Extracted records below:
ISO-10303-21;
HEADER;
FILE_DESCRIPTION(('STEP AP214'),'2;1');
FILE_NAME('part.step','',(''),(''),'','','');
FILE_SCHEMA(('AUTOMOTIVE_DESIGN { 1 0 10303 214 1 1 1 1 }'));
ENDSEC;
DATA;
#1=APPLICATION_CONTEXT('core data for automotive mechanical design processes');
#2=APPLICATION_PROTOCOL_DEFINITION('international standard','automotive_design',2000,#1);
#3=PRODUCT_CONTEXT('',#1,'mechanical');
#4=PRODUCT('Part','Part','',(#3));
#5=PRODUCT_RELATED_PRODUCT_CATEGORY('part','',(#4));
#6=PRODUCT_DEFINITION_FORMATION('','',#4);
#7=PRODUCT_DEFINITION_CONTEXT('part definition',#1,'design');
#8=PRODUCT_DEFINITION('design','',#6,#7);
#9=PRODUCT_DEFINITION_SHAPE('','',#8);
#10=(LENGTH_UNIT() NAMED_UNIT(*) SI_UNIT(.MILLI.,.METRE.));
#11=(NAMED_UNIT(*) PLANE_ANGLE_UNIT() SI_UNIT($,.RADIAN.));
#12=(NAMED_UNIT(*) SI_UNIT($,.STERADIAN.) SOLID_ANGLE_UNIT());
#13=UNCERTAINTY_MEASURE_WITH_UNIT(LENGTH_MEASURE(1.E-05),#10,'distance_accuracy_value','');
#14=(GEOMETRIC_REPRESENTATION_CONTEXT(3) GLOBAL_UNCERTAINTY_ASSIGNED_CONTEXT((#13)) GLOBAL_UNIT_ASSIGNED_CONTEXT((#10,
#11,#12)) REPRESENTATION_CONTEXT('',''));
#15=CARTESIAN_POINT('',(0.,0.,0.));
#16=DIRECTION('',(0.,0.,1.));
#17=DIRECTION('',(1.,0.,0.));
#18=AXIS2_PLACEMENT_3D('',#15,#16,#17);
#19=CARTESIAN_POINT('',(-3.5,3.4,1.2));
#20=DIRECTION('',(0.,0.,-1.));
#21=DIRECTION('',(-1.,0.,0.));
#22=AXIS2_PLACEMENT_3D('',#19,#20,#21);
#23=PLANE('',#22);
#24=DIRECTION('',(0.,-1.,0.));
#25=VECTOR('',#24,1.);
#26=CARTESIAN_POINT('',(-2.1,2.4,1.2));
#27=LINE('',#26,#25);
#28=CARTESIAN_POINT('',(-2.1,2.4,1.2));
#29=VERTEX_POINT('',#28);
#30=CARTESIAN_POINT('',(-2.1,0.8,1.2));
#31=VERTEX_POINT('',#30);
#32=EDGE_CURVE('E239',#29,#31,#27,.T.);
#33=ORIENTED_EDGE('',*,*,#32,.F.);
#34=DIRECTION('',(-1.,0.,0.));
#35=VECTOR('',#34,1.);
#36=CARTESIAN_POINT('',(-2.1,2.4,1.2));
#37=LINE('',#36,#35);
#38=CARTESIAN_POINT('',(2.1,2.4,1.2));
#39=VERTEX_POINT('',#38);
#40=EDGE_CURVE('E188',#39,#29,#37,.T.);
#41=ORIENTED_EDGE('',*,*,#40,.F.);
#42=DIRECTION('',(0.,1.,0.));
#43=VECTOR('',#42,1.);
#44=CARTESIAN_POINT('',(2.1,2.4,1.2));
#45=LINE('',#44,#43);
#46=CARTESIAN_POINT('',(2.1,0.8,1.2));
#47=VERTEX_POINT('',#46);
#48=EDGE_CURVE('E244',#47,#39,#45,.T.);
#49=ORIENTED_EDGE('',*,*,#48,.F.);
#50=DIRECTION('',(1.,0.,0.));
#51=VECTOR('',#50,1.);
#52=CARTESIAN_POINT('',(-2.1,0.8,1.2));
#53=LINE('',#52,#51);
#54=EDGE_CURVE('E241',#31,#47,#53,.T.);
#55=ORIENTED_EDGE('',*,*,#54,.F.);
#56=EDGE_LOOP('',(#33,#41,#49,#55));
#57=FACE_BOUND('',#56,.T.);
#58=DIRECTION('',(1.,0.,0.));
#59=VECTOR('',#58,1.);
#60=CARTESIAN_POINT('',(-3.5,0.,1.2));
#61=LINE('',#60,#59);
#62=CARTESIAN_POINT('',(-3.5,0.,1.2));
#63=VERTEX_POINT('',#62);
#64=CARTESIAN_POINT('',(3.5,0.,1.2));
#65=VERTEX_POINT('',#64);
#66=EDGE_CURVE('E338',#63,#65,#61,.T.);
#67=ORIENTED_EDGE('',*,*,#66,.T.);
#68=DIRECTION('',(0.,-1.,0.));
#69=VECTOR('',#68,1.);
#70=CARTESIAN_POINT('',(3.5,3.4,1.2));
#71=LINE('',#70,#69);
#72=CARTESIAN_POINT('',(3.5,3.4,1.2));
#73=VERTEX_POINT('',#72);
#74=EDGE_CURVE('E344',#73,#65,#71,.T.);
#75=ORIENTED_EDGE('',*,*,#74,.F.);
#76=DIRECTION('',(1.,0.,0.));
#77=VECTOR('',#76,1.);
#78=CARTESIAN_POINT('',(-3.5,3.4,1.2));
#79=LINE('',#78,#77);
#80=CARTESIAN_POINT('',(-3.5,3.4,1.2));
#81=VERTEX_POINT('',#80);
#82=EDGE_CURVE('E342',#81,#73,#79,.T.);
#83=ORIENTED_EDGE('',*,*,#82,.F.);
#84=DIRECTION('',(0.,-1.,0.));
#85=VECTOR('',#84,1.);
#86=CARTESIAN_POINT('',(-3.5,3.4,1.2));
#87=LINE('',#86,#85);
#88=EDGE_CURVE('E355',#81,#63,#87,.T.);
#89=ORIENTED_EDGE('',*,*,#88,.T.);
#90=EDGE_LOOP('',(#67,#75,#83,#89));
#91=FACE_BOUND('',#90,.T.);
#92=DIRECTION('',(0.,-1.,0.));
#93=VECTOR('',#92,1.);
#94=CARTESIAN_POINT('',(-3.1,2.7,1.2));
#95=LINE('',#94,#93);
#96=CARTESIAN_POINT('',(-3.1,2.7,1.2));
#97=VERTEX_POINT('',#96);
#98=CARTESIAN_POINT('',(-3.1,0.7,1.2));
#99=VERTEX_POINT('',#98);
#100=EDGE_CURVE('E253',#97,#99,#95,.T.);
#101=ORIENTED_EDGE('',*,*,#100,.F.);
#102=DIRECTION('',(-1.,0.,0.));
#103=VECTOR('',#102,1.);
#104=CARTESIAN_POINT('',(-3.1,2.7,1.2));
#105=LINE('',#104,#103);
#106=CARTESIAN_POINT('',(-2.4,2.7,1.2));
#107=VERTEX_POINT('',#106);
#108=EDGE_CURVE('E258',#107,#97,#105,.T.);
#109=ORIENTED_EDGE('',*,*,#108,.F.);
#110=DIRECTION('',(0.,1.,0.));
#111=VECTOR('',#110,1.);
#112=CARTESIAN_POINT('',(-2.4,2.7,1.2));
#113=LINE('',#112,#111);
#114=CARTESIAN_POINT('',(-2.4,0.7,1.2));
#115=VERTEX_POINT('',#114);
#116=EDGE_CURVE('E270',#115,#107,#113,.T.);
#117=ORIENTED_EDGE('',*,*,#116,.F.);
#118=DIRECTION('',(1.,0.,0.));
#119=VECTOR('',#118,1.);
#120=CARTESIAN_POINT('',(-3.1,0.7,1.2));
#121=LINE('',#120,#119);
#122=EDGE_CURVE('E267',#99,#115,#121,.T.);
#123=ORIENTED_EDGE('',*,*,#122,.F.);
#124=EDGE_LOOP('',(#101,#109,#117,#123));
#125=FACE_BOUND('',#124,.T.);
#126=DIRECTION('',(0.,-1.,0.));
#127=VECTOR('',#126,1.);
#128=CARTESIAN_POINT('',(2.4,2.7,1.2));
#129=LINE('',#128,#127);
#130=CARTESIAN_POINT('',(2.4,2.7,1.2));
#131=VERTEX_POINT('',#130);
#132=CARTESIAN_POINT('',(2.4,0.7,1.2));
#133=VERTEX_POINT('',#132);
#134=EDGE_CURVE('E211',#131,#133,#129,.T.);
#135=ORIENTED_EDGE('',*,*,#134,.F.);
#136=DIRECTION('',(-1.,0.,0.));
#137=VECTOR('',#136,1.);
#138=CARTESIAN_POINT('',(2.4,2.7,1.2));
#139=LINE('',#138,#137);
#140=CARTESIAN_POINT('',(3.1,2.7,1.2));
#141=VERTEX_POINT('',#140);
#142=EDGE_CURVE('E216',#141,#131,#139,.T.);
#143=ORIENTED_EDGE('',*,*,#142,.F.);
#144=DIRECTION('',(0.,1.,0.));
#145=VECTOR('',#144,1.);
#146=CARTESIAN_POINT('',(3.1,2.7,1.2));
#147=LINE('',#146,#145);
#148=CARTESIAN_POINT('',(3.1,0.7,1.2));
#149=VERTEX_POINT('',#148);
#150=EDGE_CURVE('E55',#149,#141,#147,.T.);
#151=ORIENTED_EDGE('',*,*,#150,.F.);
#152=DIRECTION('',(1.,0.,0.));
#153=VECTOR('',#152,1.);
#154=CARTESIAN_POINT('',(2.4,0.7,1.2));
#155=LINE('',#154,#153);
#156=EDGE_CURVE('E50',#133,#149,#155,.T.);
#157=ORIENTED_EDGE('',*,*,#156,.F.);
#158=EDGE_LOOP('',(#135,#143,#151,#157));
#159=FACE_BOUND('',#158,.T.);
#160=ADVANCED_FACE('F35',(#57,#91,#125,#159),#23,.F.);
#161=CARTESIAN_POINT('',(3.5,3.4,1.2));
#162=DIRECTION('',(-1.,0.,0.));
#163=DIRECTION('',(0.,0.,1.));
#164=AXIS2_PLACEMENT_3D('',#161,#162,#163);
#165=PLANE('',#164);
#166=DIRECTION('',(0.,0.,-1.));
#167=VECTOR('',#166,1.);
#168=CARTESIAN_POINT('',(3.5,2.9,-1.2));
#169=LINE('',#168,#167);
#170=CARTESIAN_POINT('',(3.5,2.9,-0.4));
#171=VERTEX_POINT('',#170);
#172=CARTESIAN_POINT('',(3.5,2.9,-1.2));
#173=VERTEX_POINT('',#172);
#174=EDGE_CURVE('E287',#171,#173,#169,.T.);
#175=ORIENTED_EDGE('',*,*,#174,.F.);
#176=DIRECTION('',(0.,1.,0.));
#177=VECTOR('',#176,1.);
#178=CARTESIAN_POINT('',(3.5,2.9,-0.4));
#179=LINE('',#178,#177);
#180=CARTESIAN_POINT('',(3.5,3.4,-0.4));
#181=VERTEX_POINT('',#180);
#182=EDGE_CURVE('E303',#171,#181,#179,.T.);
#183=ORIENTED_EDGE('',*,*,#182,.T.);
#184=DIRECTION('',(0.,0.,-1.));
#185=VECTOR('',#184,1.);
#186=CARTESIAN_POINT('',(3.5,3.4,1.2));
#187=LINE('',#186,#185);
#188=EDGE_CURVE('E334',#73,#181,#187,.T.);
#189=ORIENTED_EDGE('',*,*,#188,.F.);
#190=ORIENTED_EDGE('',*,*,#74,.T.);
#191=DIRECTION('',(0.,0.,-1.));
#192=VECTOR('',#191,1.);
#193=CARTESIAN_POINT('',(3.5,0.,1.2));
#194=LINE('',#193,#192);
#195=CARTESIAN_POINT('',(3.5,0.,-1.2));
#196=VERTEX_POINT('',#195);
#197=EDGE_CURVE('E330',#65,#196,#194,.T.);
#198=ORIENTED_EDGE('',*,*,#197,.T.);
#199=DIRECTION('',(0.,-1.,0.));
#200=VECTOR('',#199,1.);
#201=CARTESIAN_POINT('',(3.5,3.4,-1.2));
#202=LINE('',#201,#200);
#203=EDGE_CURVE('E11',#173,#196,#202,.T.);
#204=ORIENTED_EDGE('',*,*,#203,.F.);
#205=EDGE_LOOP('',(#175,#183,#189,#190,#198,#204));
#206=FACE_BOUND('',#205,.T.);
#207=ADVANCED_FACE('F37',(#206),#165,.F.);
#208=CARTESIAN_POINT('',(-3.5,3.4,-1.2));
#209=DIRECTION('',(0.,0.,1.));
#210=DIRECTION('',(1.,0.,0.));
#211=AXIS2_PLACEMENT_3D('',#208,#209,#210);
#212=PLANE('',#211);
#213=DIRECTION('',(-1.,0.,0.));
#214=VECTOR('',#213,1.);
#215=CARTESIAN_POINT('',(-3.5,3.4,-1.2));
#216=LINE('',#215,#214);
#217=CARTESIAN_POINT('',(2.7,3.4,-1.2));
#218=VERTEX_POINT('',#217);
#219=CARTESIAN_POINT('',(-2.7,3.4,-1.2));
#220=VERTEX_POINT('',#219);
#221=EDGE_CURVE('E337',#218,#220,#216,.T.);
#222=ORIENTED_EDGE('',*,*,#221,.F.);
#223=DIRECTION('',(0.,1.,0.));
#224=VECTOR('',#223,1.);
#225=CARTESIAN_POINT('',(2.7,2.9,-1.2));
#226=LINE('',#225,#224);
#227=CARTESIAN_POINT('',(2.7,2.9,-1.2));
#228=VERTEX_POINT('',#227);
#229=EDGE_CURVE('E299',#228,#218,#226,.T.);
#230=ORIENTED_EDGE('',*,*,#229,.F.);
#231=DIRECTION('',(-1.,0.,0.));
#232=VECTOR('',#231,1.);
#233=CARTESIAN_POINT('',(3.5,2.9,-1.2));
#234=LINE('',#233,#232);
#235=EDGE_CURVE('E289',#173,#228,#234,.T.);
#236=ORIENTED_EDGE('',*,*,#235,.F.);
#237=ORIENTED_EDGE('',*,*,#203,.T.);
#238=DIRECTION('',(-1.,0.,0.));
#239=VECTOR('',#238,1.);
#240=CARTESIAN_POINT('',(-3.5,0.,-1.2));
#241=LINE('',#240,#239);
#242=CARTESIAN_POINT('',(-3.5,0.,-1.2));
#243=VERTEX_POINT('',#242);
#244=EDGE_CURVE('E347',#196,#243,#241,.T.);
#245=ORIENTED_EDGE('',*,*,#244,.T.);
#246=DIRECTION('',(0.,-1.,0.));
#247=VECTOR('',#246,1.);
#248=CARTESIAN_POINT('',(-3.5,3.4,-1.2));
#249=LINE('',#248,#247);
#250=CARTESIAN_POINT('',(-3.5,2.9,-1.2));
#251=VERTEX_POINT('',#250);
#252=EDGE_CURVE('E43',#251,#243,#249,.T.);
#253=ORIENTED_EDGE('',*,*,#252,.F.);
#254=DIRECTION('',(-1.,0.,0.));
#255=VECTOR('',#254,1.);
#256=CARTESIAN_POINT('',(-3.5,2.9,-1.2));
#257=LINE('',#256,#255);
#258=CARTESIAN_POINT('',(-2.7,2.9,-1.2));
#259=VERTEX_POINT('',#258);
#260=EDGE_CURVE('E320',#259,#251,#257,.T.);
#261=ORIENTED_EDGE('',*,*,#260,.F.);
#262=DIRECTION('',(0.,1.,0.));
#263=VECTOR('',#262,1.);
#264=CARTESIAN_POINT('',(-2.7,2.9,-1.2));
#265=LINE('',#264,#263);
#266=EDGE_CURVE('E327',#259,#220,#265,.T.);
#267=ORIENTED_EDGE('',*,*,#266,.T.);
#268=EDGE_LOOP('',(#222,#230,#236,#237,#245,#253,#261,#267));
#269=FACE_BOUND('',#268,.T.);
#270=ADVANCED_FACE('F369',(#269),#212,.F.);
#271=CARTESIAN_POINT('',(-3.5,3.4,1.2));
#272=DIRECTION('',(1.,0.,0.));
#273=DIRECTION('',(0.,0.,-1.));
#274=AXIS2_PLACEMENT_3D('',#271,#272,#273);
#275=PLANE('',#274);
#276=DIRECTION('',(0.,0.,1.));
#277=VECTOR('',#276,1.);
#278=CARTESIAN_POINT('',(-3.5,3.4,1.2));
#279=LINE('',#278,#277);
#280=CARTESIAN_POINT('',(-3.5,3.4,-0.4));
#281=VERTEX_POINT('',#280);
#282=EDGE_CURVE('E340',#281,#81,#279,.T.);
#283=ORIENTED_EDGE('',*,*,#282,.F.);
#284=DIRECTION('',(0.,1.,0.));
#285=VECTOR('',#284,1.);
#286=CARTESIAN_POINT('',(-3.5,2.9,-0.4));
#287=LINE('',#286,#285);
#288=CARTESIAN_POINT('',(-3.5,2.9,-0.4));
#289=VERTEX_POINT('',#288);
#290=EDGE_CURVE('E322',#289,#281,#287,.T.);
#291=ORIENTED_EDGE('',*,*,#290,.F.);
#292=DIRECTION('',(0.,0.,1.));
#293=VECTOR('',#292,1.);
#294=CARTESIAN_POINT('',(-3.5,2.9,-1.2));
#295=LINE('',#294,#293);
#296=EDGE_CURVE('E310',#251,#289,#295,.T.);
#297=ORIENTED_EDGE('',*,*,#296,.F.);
End of Extracted records.
Please return the lines above that run from the line containing "#53=LINE('',#52,#51);" to the line containing "#71=LINE('',#70,#69);", inclusive, exactly and with no other lines.

#53=LINE('',#52,#51);
#54=EDGE_CURVE('E241',#31,#47,#53,.T.);
#55=ORIENTED_EDGE('',*,*,#54,.F.);
#56=EDGE_LOOP('',(#33,#41,#49,#55));
#57=FACE_BOUND('',#56,.T.);
#58=DIRECTION('',(1.,0.,0.));
#59=VECTOR('',#58,1.);
#60=CARTESIAN_POINT('',(-3.5,0.,1.2));
#61=LINE('',#60,#59);
#62=CARTESIAN_POINT('',(-3.5,0.,1.2));
#63=VERTEX_POINT('',#62);
#64=CARTESIAN_POINT('',(3.5,0.,1.2));
#65=VERTEX_POINT('',#64);
#66=EDGE_CURVE('E338',#63,#65,#61,.T.);
#67=ORIENTED_EDGE('',*,*,#66,.T.);
#68=DIRECTION('',(0.,-1.,0.));
#69=VECTOR('',#68,1.);
#70=CARTESIAN_POINT('',(3.5,3.4,1.2));
#71=LINE('',#70,#69);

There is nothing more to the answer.